Truist Financial and Under Armour Volatility Contrast

   Predicted Return Density   
       Returns  

Pair Trading with Truist Financial and Under Armour

The main advantage of trading using opposite Truist Financial and Under Armour positions is that it hedges away some unsystematic risk. Because of two separate transactions, even if Truist Financial position performs unexpectedly, Under Armour can make up some of the losses. Pair trading also minimizes risk from directional movements in the market.
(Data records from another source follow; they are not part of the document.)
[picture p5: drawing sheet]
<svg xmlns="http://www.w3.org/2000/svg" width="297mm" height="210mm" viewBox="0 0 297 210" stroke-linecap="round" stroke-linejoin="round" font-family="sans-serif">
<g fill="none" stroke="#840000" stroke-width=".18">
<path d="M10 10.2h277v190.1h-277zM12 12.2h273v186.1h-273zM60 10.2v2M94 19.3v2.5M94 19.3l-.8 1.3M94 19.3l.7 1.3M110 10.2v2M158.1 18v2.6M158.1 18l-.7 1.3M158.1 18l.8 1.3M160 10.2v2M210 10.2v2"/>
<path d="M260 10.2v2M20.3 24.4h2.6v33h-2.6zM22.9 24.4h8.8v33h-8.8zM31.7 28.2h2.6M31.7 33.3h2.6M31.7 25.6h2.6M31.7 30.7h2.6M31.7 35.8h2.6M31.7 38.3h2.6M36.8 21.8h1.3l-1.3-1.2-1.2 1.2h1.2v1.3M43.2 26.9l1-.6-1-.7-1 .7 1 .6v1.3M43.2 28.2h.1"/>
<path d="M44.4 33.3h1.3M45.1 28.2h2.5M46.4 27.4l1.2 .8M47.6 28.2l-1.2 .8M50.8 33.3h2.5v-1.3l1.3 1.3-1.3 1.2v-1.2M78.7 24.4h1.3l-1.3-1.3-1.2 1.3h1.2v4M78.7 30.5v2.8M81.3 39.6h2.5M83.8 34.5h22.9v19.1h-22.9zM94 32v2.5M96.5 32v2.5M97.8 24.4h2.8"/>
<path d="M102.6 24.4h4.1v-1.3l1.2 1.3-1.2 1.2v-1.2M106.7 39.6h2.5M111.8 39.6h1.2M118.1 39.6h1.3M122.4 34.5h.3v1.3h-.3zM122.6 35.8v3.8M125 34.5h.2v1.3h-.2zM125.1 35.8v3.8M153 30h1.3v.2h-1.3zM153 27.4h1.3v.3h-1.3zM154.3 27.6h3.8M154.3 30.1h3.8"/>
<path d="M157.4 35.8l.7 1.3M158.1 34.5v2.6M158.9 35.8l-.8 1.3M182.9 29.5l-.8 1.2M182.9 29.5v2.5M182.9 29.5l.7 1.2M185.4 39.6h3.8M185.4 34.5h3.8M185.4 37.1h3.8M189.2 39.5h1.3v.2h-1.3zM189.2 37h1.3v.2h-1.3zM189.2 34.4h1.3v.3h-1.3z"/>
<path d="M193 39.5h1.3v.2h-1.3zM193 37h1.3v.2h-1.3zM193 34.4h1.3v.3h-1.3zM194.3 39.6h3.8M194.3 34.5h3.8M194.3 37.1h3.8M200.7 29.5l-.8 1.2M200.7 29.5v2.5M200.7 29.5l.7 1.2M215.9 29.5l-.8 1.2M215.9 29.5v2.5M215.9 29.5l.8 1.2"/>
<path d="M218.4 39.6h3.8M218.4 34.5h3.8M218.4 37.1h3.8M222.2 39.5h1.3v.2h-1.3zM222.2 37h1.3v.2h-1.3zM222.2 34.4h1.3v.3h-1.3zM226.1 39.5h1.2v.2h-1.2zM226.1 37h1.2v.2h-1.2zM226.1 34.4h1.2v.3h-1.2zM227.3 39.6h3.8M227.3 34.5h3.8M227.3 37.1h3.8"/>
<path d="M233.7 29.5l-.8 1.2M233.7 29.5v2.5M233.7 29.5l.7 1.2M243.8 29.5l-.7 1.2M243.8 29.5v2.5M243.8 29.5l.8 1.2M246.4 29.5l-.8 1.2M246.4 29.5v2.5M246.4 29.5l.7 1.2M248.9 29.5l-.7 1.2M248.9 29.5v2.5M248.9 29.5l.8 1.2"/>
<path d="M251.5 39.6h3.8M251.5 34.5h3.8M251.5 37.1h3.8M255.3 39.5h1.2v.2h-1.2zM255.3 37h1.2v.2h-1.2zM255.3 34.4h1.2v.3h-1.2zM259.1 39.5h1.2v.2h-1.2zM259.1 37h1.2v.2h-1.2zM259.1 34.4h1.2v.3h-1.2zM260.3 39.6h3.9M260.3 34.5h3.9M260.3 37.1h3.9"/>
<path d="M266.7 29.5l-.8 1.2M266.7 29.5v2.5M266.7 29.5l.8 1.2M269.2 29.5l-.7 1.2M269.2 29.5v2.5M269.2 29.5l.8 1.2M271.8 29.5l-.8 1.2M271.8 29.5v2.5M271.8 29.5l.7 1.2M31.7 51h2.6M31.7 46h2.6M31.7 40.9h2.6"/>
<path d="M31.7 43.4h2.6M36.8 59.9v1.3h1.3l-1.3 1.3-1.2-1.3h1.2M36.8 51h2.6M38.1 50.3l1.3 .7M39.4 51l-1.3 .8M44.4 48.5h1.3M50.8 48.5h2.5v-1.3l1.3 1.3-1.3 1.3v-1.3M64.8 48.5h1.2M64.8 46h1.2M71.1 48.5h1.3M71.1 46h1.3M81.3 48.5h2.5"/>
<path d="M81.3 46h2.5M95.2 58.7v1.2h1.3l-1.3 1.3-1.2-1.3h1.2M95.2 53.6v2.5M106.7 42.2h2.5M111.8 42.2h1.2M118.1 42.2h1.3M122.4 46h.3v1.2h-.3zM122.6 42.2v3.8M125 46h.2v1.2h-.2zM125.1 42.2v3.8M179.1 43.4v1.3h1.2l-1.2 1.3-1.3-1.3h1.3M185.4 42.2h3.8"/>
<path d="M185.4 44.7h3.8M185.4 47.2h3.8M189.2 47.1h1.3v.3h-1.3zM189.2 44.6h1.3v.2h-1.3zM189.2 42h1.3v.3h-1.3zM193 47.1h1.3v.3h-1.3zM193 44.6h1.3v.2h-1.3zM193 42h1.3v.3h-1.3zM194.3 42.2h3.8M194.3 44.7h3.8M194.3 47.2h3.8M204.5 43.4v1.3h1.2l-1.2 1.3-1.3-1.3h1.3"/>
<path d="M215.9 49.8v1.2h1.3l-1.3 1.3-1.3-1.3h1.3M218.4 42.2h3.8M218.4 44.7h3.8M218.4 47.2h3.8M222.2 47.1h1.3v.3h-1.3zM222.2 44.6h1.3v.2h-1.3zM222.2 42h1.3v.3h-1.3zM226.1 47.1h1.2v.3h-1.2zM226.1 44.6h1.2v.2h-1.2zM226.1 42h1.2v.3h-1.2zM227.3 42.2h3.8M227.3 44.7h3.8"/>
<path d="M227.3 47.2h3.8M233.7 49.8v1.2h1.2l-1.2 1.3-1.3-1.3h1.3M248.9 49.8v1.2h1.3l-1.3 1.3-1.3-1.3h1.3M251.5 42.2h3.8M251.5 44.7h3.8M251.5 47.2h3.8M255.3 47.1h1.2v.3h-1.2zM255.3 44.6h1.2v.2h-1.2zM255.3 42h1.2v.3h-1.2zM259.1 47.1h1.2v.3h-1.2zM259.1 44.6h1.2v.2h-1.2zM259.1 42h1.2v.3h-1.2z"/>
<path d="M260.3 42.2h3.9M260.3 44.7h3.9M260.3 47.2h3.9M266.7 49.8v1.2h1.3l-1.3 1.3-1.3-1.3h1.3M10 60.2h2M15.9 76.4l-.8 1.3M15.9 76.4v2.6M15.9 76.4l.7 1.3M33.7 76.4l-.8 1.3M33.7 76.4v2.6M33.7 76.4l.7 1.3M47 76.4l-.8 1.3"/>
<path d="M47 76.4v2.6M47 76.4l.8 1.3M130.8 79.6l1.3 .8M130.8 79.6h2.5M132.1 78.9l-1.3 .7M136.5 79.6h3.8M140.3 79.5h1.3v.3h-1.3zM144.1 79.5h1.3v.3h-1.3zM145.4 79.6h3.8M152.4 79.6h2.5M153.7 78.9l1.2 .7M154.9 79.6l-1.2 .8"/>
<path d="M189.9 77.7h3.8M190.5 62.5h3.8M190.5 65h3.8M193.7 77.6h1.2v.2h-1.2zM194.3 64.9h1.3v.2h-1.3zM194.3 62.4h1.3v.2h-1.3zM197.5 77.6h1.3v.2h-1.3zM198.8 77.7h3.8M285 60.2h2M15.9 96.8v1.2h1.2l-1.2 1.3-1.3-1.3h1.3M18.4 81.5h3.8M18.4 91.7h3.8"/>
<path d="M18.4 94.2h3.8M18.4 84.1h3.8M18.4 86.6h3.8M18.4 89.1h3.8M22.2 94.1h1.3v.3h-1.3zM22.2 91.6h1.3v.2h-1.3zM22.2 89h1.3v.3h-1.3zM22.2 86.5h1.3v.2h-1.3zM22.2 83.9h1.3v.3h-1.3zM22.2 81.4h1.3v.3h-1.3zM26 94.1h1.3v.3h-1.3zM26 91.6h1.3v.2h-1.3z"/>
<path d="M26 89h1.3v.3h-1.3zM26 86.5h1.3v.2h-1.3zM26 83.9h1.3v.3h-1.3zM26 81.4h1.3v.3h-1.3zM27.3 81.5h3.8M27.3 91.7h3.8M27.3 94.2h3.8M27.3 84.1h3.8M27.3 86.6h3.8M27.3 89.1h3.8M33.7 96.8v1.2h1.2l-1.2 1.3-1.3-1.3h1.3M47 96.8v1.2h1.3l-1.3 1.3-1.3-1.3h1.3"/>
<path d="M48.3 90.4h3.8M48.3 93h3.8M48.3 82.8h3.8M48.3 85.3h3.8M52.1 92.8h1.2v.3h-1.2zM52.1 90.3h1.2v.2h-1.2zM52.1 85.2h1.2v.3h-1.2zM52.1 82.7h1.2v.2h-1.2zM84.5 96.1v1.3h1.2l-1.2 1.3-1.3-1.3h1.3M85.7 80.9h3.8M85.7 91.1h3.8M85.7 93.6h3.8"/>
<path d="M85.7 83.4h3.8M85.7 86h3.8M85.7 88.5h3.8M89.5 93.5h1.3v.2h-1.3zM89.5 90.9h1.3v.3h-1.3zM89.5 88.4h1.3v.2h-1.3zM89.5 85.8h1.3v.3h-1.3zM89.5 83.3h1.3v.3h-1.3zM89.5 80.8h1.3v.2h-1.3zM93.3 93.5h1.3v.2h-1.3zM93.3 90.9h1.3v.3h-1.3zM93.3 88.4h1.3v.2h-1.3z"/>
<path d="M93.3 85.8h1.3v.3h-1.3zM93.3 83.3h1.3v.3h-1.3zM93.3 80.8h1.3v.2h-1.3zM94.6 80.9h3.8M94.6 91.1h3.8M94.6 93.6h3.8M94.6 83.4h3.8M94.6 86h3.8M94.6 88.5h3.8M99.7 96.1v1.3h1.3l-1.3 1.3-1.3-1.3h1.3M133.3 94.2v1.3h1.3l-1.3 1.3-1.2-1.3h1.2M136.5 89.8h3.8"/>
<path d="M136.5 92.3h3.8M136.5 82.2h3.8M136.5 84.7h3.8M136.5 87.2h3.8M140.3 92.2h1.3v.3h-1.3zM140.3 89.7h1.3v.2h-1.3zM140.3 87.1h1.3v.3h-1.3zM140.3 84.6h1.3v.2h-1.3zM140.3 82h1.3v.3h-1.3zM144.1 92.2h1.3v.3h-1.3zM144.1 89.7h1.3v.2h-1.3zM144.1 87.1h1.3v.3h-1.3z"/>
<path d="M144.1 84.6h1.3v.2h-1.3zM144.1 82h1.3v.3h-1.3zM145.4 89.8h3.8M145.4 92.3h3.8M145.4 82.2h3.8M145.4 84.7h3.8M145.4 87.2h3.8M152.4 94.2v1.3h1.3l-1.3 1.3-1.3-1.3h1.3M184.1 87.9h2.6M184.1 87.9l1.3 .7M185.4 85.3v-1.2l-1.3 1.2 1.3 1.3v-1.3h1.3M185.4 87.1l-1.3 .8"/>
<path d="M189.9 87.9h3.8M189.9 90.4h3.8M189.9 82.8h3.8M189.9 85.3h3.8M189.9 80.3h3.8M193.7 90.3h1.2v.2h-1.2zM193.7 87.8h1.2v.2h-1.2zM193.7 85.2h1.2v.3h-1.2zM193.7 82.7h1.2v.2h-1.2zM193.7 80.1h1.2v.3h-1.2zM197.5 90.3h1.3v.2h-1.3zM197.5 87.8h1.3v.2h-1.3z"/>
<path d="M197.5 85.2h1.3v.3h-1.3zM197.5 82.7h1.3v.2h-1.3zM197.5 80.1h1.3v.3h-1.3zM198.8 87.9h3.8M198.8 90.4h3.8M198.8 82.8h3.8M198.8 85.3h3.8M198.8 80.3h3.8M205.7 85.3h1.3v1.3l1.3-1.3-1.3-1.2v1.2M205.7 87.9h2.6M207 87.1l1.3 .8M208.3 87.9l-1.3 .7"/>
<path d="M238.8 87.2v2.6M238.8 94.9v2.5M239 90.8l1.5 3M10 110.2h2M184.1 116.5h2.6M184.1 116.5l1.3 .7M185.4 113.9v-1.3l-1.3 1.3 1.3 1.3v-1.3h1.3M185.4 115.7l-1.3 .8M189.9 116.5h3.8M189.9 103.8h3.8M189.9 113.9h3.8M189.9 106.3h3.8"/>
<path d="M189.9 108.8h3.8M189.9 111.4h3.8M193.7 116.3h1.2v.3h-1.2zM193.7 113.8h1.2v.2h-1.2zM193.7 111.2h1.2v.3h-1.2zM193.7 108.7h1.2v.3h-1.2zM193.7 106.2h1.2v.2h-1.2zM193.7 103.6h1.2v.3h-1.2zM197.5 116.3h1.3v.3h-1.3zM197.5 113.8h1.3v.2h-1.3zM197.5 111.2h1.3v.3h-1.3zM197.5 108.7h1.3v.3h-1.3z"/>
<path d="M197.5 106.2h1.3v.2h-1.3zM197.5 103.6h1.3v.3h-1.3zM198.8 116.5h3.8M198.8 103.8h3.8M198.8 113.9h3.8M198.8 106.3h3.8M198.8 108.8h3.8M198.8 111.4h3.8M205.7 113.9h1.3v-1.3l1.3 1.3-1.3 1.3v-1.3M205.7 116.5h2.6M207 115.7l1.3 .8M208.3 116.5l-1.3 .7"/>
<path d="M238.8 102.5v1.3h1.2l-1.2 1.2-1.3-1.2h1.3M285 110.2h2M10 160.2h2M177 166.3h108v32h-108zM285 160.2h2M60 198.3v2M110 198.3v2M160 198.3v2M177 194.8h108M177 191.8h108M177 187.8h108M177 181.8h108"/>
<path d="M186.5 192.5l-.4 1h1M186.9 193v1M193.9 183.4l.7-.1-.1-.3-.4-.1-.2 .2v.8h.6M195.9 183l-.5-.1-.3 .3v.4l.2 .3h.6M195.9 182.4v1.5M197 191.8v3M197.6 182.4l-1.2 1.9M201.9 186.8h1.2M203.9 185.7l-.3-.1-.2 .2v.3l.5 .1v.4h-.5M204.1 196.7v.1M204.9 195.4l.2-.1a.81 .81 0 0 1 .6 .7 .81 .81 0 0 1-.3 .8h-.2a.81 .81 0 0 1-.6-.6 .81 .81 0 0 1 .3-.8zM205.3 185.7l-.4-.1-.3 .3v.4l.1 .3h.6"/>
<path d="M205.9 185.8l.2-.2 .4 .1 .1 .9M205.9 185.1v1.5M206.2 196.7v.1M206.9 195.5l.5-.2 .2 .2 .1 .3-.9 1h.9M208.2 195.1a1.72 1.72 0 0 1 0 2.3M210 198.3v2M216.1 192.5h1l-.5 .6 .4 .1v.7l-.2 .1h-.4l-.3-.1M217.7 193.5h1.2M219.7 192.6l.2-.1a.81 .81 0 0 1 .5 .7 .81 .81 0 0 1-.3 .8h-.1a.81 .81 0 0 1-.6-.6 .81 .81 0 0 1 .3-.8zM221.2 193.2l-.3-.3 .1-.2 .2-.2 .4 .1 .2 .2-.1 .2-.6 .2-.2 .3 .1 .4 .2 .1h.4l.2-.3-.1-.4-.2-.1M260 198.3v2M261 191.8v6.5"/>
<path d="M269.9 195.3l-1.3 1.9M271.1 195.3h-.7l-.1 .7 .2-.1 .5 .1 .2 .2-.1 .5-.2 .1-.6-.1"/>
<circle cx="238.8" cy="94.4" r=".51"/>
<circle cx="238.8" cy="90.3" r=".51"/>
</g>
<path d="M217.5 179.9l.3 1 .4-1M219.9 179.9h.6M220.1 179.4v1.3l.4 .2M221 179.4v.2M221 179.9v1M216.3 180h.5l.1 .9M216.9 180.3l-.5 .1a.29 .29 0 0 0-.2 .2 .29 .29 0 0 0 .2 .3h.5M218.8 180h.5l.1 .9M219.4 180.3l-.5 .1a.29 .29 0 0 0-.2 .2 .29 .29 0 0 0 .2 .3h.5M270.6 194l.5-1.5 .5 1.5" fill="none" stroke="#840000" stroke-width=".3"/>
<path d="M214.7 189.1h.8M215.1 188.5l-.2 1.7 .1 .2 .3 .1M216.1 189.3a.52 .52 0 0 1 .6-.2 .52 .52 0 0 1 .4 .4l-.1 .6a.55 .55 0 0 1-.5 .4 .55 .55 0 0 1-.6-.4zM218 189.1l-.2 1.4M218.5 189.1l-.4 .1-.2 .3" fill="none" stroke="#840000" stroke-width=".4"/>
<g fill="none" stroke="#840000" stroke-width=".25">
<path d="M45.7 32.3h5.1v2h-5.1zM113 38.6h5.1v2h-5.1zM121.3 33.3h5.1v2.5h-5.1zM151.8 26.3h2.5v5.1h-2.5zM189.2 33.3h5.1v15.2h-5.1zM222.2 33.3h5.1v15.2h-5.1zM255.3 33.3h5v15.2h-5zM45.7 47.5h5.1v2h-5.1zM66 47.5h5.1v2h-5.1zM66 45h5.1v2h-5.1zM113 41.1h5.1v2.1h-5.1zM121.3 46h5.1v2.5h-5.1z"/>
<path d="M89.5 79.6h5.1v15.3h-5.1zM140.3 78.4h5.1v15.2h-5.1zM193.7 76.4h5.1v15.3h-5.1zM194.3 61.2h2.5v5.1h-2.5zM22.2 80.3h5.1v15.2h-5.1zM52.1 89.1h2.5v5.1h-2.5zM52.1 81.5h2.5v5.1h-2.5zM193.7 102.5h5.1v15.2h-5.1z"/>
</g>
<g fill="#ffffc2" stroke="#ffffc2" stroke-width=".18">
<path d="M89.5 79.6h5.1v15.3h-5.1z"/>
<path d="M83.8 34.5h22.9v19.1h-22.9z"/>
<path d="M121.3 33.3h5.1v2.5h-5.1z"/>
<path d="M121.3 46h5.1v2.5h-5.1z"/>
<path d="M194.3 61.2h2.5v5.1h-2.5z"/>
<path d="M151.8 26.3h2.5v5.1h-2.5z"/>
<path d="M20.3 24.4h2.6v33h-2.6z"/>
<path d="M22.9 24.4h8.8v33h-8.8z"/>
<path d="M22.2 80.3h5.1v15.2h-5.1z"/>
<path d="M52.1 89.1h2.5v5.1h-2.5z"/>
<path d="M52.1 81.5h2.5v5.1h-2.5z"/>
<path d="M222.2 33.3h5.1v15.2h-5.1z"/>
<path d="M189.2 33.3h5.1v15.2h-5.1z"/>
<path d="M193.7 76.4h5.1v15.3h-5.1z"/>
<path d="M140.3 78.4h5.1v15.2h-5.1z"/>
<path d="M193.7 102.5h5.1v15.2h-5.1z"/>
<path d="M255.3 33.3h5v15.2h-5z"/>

For example, if an entire industry or sector drops because of unexpected headlines, the short position in Under Armour will offset losses from the drop in Under Armour's long position.
The idea behind Truist Financial and Under Armour pairs trading is to make the combined position market-neutral, meaning the overall market's direction will not affect its win or loss (or potential downside or upside). This can be achieved by designing a pairs trade with two highly correlated stocks or equities that operate in a similar space or sector, making it possible to obtain profits through simple and relatively low-risk investment.
Check out your portfolio center.
Note that this page's information should be used as a complementary analysis to find the right mix of equity instruments to add to your existing portfolios or create a brand new portfolio. You can also try the Investing Opportunities module to build portfolios using our predefined set of ideas and optimize them against your investing preferences.